Most of BYD’s cars are in the mass market category. The company last year launched a high-end brand called Yangwang, whose U8 SUV is selling for more than 1 million yuan ($141,000).

BYD’s premium electric sedan, the Han, sells in a similar price range as Tesla’s cars — above 200,000 yuan ($28,000). In the fourth quarter, BYD sold more battery-powered cars than Tesla.

“Tesla is our very respected industry peer. It is also our client,” Li said Monday.

He pointed out how Tesla has played an important role in the rapid growth of electric cars globally.

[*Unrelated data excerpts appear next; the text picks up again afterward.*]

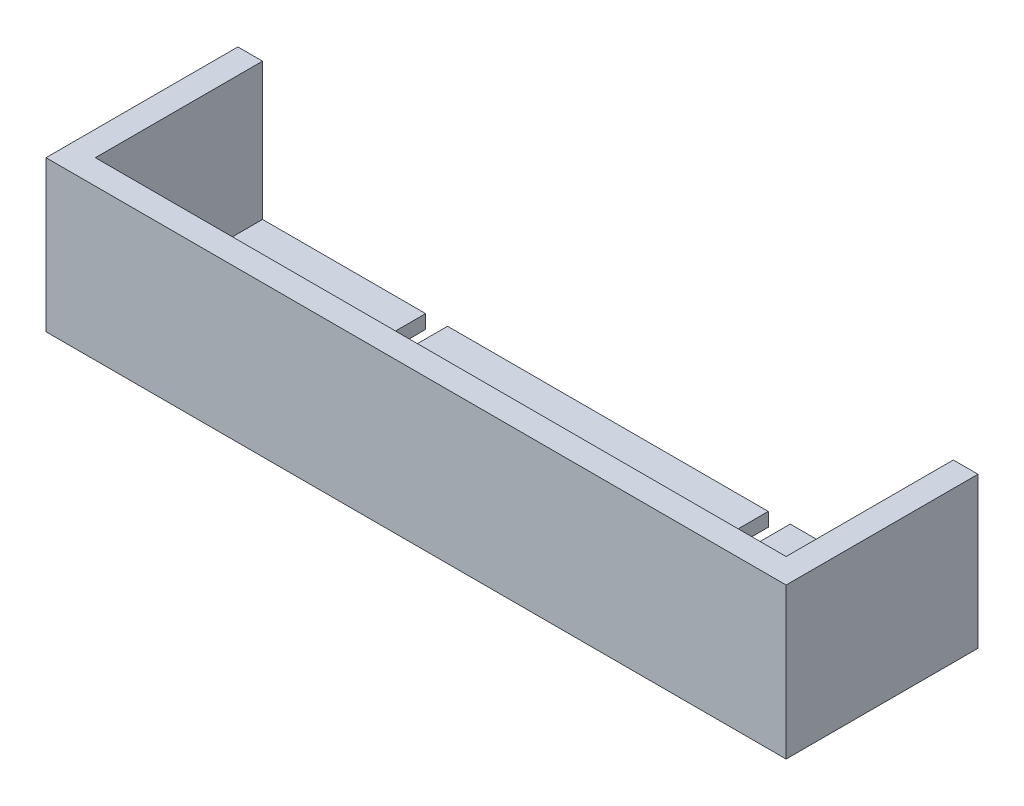
ISO-10303-21;
HEADER;
FILE_DESCRIPTION(('STEP AP214'),'2;1');
FILE_NAME('part.step','',(''),(''),'','','');
FILE_SCHEMA(('AUTOMOTIVE_DESIGN { 1 0 10303 214 1 1 1 1 }'));
ENDSEC;
DATA;
#1=APPLICATION_CONTEXT('core data for automotive mechanical design processes');
#2=APPLICATION_PROTOCOL_DEFINITION('international standard','automotive_design',2000,#1);
#3=PRODUCT_CONTEXT('',#1,'mechanical');
#4=PRODUCT('Part','Part','',(#3));
#5=PRODUCT_RELATED_PRODUCT_CATEGORY('part','',(#4));
#6=PRODUCT_DEFINITION_FORMATION('','',#4);
#7=PRODUCT_DEFINITION_CONTEXT('part definition',#1,'design');
#8=PRODUCT_DEFINITION('design','',#6,#7);
#9=PRODUCT_DEFINITION_SHAPE('','',#8);
#10=(LENGTH_UNIT() NAMED_UNIT(*) SI_UNIT(.MILLI.,.METRE.));
#11=(NAMED_UNIT(*) PLANE_ANGLE_UNIT() SI_UNIT($,.RADIAN.));
#12=(NAMED_UNIT(*) SI_UNIT($,.STERADIAN.) SOLID_ANGLE_UNIT());
#13=UNCERTAINTY_MEASURE_WITH_UNIT(LENGTH_MEASURE(1.E-05),#10,'distance_accuracy_value','');
#14=(GEOMETRIC_REPRESENTATION_CONTEXT(3) GLOBAL_UNCERTAINTY_ASSIGNED_CONTEXT((#13)) GLOBAL_UNIT_ASSIGNED_CONTEXT((#10,
#11,#12)) REPRESENTATION_CONTEXT('',''));
#15=CARTESIAN_POINT('',(0.,0.,0.));
#16=DIRECTION('',(0.,0.,1.));
#17=DIRECTION('',(1.,0.,0.));
#18=AXIS2_PLACEMENT_3D('',#15,#16,#17);
#19=CARTESIAN_POINT('',(-27.,10.,-7.));
#20=DIRECTION('',(0.,0.,1.));
#21=DIRECTION('',(1.,0.,0.));
#22=AXIS2_PLACEMENT_3D('',#19,#20,#21);
#23=PLANE('',#22);
#24=DIRECTION('',(-1.,0.,0.));
#25=VECTOR('',#24,1.);
#26=CARTESIAN_POINT('',(-27.,10.,-7.));
#27=LINE('',#26,#25);
#28=CARTESIAN_POINT('',(-25.2,10.,-7.));
#29=VERTEX_POINT('',#28);
#30=CARTESIAN_POINT('',(-27.,10.,-7.));
#31=VERTEX_POINT('',#30);
#32=EDGE_CURVE('E195',#29,#31,#27,.T.);
#33=ORIENTED_EDGE('',*,*,#32,.F.);
#34=DIRECTION('',(0.,1.,0.));
#35=VECTOR('',#34,1.);
#36=CARTESIAN_POINT('',(-25.2,0.,-7.));
#37=LINE('',#36,#35);
#38=CARTESIAN_POINT('',(-25.2,0.,-7.));
#39=VERTEX_POINT('',#38);
#40=EDGE_CURVE('E169',#39,#29,#37,.T.);
#41=ORIENTED_EDGE('',*,*,#40,.F.);
#42=DIRECTION('',(-1.,0.,0.));
#43=VECTOR('',#42,1.);
#44=CARTESIAN_POINT('',(-25.2,0.,-7.));
#45=LINE('',#44,#43);
#46=CARTESIAN_POINT('',(-13.3,0.,-7.));
#47=VERTEX_POINT('',#46);
#48=EDGE_CURVE('E176',#47,#39,#45,.T.);
#49=ORIENTED_EDGE('',*,*,#48,.F.);
#50=DIRECTION('',(0.,1.,0.));
#51=VECTOR('',#50,1.);
#52=CARTESIAN_POINT('',(-13.3,-1.,-7.));
#53=LINE('',#52,#51);
#54=CARTESIAN_POINT('',(-13.3,-1.,-7.));
#55=VERTEX_POINT('',#54);
#56=EDGE_CURVE('E255',#55,#47,#53,.T.);
#57=ORIENTED_EDGE('',*,*,#56,.F.);
#58=DIRECTION('',(1.,0.,0.));
#59=VECTOR('',#58,1.);
#60=CARTESIAN_POINT('',(-27.,-1.,-7.));
#61=LINE('',#60,#59);
#62=CARTESIAN_POINT('',(-27.,-1.,-7.));
#63=VERTEX_POINT('',#62);
#64=EDGE_CURVE('E229',#63,#55,#61,.T.);
#65=ORIENTED_EDGE('',*,*,#64,.F.);
#66=DIRECTION('',(0.,-1.,0.));
#67=VECTOR('',#66,1.);
#68=CARTESIAN_POINT('',(-27.,10.,-7.));
#69=LINE('',#68,#67);
#70=EDGE_CURVE('E197',#31,#63,#69,.T.);
#71=ORIENTED_EDGE('',*,*,#70,.F.);
#72=EDGE_LOOP('',(#33,#41,#49,#57,#65,#71));
#73=FACE_BOUND('',#72,.T.);
#74=ADVANCED_FACE('F33',(#73),#23,.F.);
#75=DIRECTION('',(0.,1.,0.));
#76=VECTOR('',#75,1.);
#77=CARTESIAN_POINT('',(-11.7,-1.,-7.));
#78=LINE('',#77,#76);
#79=CARTESIAN_POINT('',(-11.7,-1.,-7.));
#80=VERTEX_POINT('',#79);
#81=CARTESIAN_POINT('',(-11.7,0.,-7.));
#82=VERTEX_POINT('',#81);
#83=EDGE_CURVE('E56',#80,#82,#78,.T.);
#84=ORIENTED_EDGE('',*,*,#83,.T.);
#85=CARTESIAN_POINT('',(11.7,0.,-7.));
#86=VERTEX_POINT('',#85);
#87=EDGE_CURVE('E174',#86,#82,#45,.T.);
#88=ORIENTED_EDGE('',*,*,#87,.F.);
#89=DIRECTION('',(0.,1.,0.));
#90=VECTOR('',#89,1.);
#91=CARTESIAN_POINT('',(11.7,-1.,-7.));
#92=LINE('',#91,#90);
#93=CARTESIAN_POINT('',(11.7,-1.,-7.));
#94=VERTEX_POINT('',#93);
#95=EDGE_CURVE('E272',#94,#86,#92,.T.);
#96=ORIENTED_EDGE('',*,*,#95,.F.);
#97=EDGE_CURVE('E253',#80,#94,#61,.T.);
#98=ORIENTED_EDGE('',*,*,#97,.F.);
#99=EDGE_LOOP('',(#84,#88,#96,#98));
#100=FACE_BOUND('',#99,.T.);
#101=ADVANCED_FACE('F269',(#100),#23,.F.);
#102=CARTESIAN_POINT('',(0.,0.,0.));
#103=DIRECTION('',(0.,-1.,0.));
#104=DIRECTION('',(0.,0.,-1.));
#105=AXIS2_PLACEMENT_3D('',#102,#103,#104);
#106=PLANE('',#105);
#107=DIRECTION('',(0.,0.,-1.));
#108=VECTOR('',#107,1.);
#109=CARTESIAN_POINT('',(-11.7,0.,0.));
#110=LINE('',#109,#108);
#111=CARTESIAN_POINT('',(-11.7,0.,0.));
#112=VERTEX_POINT('',#111);
#113=EDGE_CURVE('E297',#112,#82,#110,.T.);
#114=ORIENTED_EDGE('',*,*,#113,.F.);
#115=CARTESIAN_POINT('',(-12.5,0.,0.));
#116=DIRECTION('',(0.,1.,0.));
#117=DIRECTION('',(0.,0.,1.));
#118=AXIS2_PLACEMENT_3D('',#115,#116,#117);
#119=CIRCLE('',#118,0.799999999999999);
#120=CARTESIAN_POINT('',(-13.3,0.,0.));
#121=VERTEX_POINT('',#120);
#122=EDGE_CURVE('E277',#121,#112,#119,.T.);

“I think this market is very large. It’s not that we must surpass them or they must surpass us. Instead, BYD and Tesla together, or more new energy vehicle brands together, we need to think about how to increase the new energy vehicle ‘cake,'” Li said.

Musk last week on an earnings call confirmed that BYD is a Tesla supplier.

Read more about electric vehicles, batteries and chips from CNBC Pro

Separately on Monday, BYD said in a filing with the Shenzhen Stock Exchange that profit last year likely rose by at least 74% to a range of 29 billion yuan to 31 billion yuan ($4.09 billion to $4.37 billion).

The Chinese company told reporters it had yet to set a vehicle production target for the year.

Tesla reported gross profit of $17.66 billion in 2023, down 15% from a year ago. China accounts for about 22% of Tesla’s revenue.

BYD makes most of its money in China, but has started to export cars to Europe, South America and other parts of Asia.

The company said Monday it was cooperating with the European Union’s probe into the role of subsidies for Chinese electric car companies. But BYD said it was otherwise pushing ahead with global expansion, including working more with local partners and building factories in other markets.